Below are some records. Print exactly the lines between the one holding "h = blk.add_hatch(color=71, dxfattribs=at)" and the one holding "blk = doc.blocks.new('*U14')", inclusive, and nothing else.

Items from a data source
········
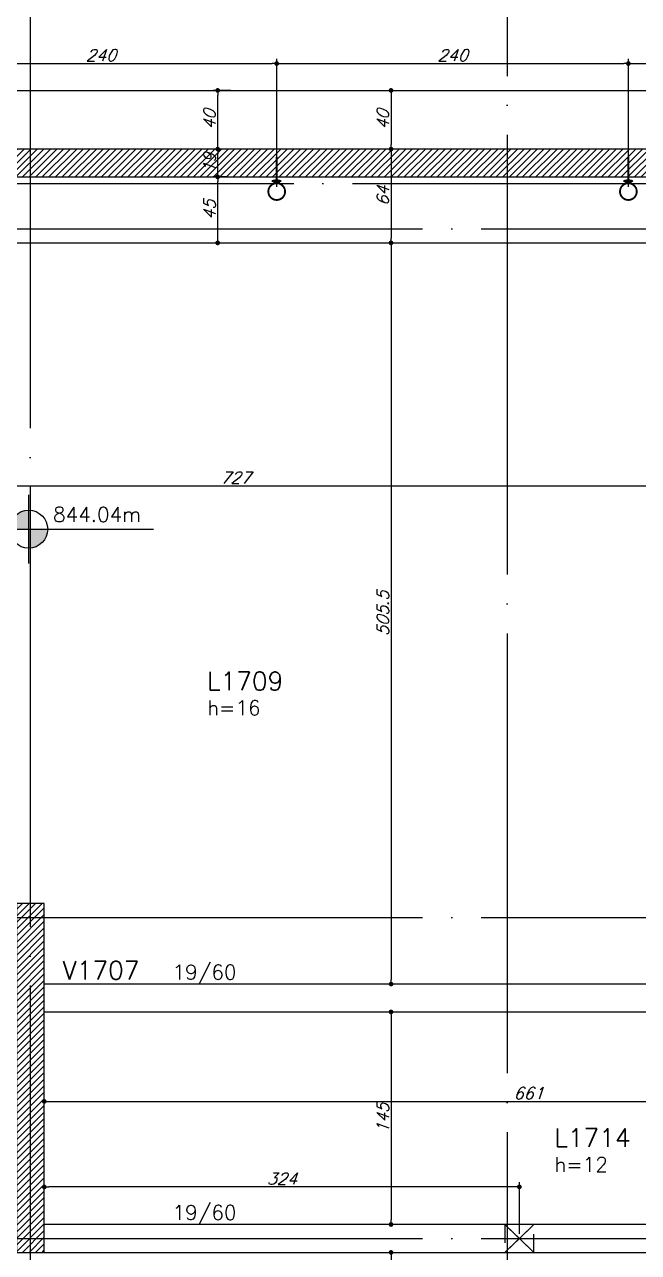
# Model space of a CAD drawing. Header units: millimetres. Extents: x -2368 to 4502, y -2283 to 2217.
# Drawn here: x 602 to 1021, y 645 to 1483 of the extents above; entities that cross this region are included whole.
import ezdxf
from ezdxf.enums import TextEntityAlignment as Align

# ---------------------------------------------------------------- set-up
doc = ezdxf.new("R2010")
doc.units = ezdxf.units.MM
doc.header["$LTSCALE"] = 50
doc.linetypes.add('EIXO', pattern=[6.8, 6, -0.4, 0, -0.4])
doc.linetypes.add('HIDDEN', pattern=[0.375, 0.25, -0.125])
for name, color, linetype in [('F-AUX-RED', 1, 'Continuous'), ('F-COTAS', 106, 'Continuous'), ('F-COTAS ANCORAGEM', 106, 'Continuous'), ('F-COTAS-FUROS VIGA', 50, 'Continuous'), ('F-EIXO', 12, 'EIXO'), ('F-FURO-PAREDE', 2, 'HIDDEN'), ('F-GANCHOS', 4, 'Continuous'), ('F-LAJES', 3, 'Continuous'), ('F-LAJES-DIM', 2, 'Continuous'), ('F-LAJES-NOME', 4, 'Continuous'), ('F-NÍVEL-PLANTA', 2, 'Continuous'), ('F-PILARES-HACH', 174, 'Continuous'), ('F-PILARES-S', 170, 'Continuous'), ('F-TEXTO', 6, 'Continuous'), ('F-VIGAS', 3, 'Continuous'), ('F-VIGAS-DIM', 2, 'Continuous'), ('F-VIGAS-NOME', 4, 'Continuous')]:
    doc.layers.add(name, color=color, linetype=linetype)
doc.styles.add('CP-TEXT-INCL', font='romans.shx', dxfattribs={"oblique": 20})
doc.styles.add('MCP', font='romans.shx')
doc.styles.add('ROMANS', font='romans.shx')
doc.dimstyles.new('CP-COTAS-50', dxfattribs={"dimscale": 0.64, "dimtxt": 12.5, "dimasz": 5, "dimexe": 5, "dimexo": 5, "dimgap": 2.5, "dimtad": 1, "dimdec": 1, "dimdsep": 46, "dimtxsty": 'CP-TEXT-INCL', "dimblk1": 'DOT', "dimblk2": 'DOT', "dimsah": 1, "dimcen": 9, "dimclrd": 256, "dimclre": 256, "dimclrt": 256, "dimadec": 0, "dimazin": 0, "dimtfac": 1, "dimtdec": 1, "dimtmove": 2, "dimatfit": 3, "dimldrblk": 'DOT', "dimfxl": 0, "dimtolj": 1, "dimarcsym": 0})

# ---------------------------------------------------------------- blocks, each defined once
blk = doc.blocks.new('Nível - Planta')
at = {"layer": 'F-NÍVEL-PLANTA'}
h = blk.add_hatch(color=71, dxfattribs=at)
h.paths.add_polyline_path([(0, 0), (0, 0.26, 0.414214), (-0.26, 0)])
h.paths.add_polyline_path([(0.26, 0), (0, 0), (0, -0.26, 0.414214)])
for p, q in [((0, -0.469), (0, 0.469)), ((-0.469, 0), (1.704, 0))]:
    blk.add_line(p, q, dxfattribs=at)
blk.add_circle((0, 0), 0.26, dxfattribs=at)
at = {"layer": 'F-TEXTO', "color": 3, "style": 'MCP'}
blk.add_attdef('NÍVEL', (0.333, 0.102), '', height=0.2, dxfattribs=at)
blk = doc.blocks.new('*U13')
at = {"layer": 'F-EIXO'}
blk.add_line((0, 0), (4857.5, 0), dxfattribs=at)
at = {"layer": 'F-TEXTO', "style": 'ROMANS'}
blk.add_attdef('EIXO', text='', height=17.5, dxfattribs=at).set_placement((-28.21, 0), align=Align.MIDDLE_CENTER)
blk = doc.blocks.new('*U14')
at = {"layer": 'F-EIXO'}
blk.add_line((0, 0), (4945.5, 0), dxfattribs=at)
at = {"layer": 'F-TEXTO', "style": 'ROMANS'}
blk.add_attdef('EIXO', text='', height=17.5, dxfattribs=at).set_placement((-28.21, 0), align=Align.MIDDLE_CENTER)
blk = doc.blocks.new('*U22')
at = {"layer": 'F-EIXO'}
blk.add_line((0, 0), (0, -2828.58), dxfattribs=at)
at = {"layer": 'F-TEXTO', "style": 'ROMANS'}
blk.add_attdef('EIXO', text='', height=17.5, rotation=360, dxfattribs=at).set_placement((0, 28.21), align=Align.MIDDLE_CENTER)
blk = doc.blocks.new('*U21')
at = {"layer": 'F-EIXO'}
blk.add_line((0, 0), (0, -2728.58), dxfattribs=at)
at = {"layer": 'F-TEXTO', "style": 'ROMANS'}
blk.add_attdef('EIXO', text='', height=17.5, rotation=360, dxfattribs=at).set_placement((0, 28.21), align=Align.MIDDLE_CENTER)
blk = doc.blocks.new('_DOT')
at = {"color": 0, "linetype": 'ByBlock'}
blk.add_line((-0.5, 0), (-1, 0), dxfattribs=at)
at = {"color": 0, "linetype": 'ByBlock', "const_width": 0.5}
blk.add_lwpolyline([(-0.25, 0, 1), (0.25, 0, 1)], format="xyb", close=True, dxfattribs=at)
blk = doc.blocks.new('*D62')
at = {"layer": 'DEFPOINTS', "color": 0, "transparency": 16777216}
for p in [(615, 748.47), (1276, 748.47), (1276, 748.47)]:
    blk.add_point(p, dxfattribs=at)
at = {"layer": 'F-COTAS', "lineweight": -2, "transparency": 16777216}
blk.add_line((618.2, 748.47), (1272.8, 748.47), dxfattribs=at)
at = {"layer": 'F-COTAS', "lineweight": -2, "transparency": 16777216, "xscale": 3.2, "yscale": 3.2, "zscale": 3.2, "rotation": 180}
blk.add_blockref('_DOT', (615, 748.47), dxfattribs=at)
at = {"layer": 'F-COTAS', "lineweight": -2, "transparency": 16777216, "xscale": 3.2, "yscale": 3.2, "zscale": 3.2}
blk.add_blockref('_DOT', (1276, 748.47), dxfattribs=at)
at = {"layer": 'F-COTAS', "transparency": 16777216, "insert": (945.5, 754.07), "char_height": 8, "attachment_point": 5, "style": 'CP-TEXT-INCL'}
blk.add_mtext('\\A1;661', dxfattribs=at)
blk = doc.blocks.new('*D70')
at = {"layer": 'DEFPOINTS', "color": 0, "transparency": 16777216}
for p in [(382, 1168.34), (1109, 1168.34), (1109, 1168.34)]:
    blk.add_point(p, dxfattribs=at)
at = {"layer": 'F-COTAS', "lineweight": -2, "transparency": 16777216}
blk.add_line((385.2, 1168.34), (1105.8, 1168.34), dxfattribs=at)
at = {"layer": 'F-COTAS', "lineweight": -2, "transparency": 16777216, "xscale": 3.2, "yscale": 3.2, "zscale": 3.2, "rotation": 180}
blk.add_blockref('_DOT', (382, 1168.34), dxfattribs=at)
at = {"layer": 'F-COTAS', "lineweight": -2, "transparency": 16777216, "xscale": 3.2, "yscale": 3.2, "zscale": 3.2}
blk.add_blockref('_DOT', (1109, 1168.34), dxfattribs=at)
at = {"layer": 'F-COTAS', "transparency": 16777216, "insert": (745.5, 1173.94), "char_height": 8, "attachment_point": 5, "style": 'CP-TEXT-INCL'}
blk.add_mtext('\\A1;727', dxfattribs=at)
blk = doc.blocks.new('*D100')
at = {"layer": 'DEFPOINTS', "color": 0, "transparency": 16777216}
for p in [(851.67, 1438), (851.67, 1398), (851.67, 1398)]:
    blk.add_point(p, dxfattribs=at)
at = {"layer": 'F-COTAS', "lineweight": -2, "transparency": 16777216}
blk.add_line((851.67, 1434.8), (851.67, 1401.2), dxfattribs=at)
········
PROBLEM SOLUTION:
h = blk.add_hatch(color=71, dxfattribs=at)
h.paths.add_polyline_path([(0, 0), (0, 0.26, 0.414214), (-0.26, 0)])
h.paths.add_polyline_path([(0.26, 0), (0, 0), (0, -0.26, 0.414214)])
for p, q in [((0, -0.469), (0, 0.469)), ((-0.469, 0), (1.704, 0))]:
    blk.add_line(p, q, dxfattribs=at)
blk.add_circle((0, 0), 0.26, dxfattribs=at)
at = {"layer": 'F-TEXTO', "color": 3, "style": 'MCP'}
blk.add_attdef('NÍVEL', (0.333, 0.102), '', height=0.2, dxfattribs=at)
blk = doc.blocks.new('*U13')
at = {"layer": 'F-EIXO'}
blk.add_line((0, 0), (4857.5, 0), dxfattribs=at)
at = {"layer": 'F-TEXTO', "style": 'ROMANS'}
blk.add_attdef('EIXO', text='', height=17.5, dxfattribs=at).set_placement((-28.21, 0), align=Align.MIDDLE_CENTER)
blk = doc.blocks.new('*U14')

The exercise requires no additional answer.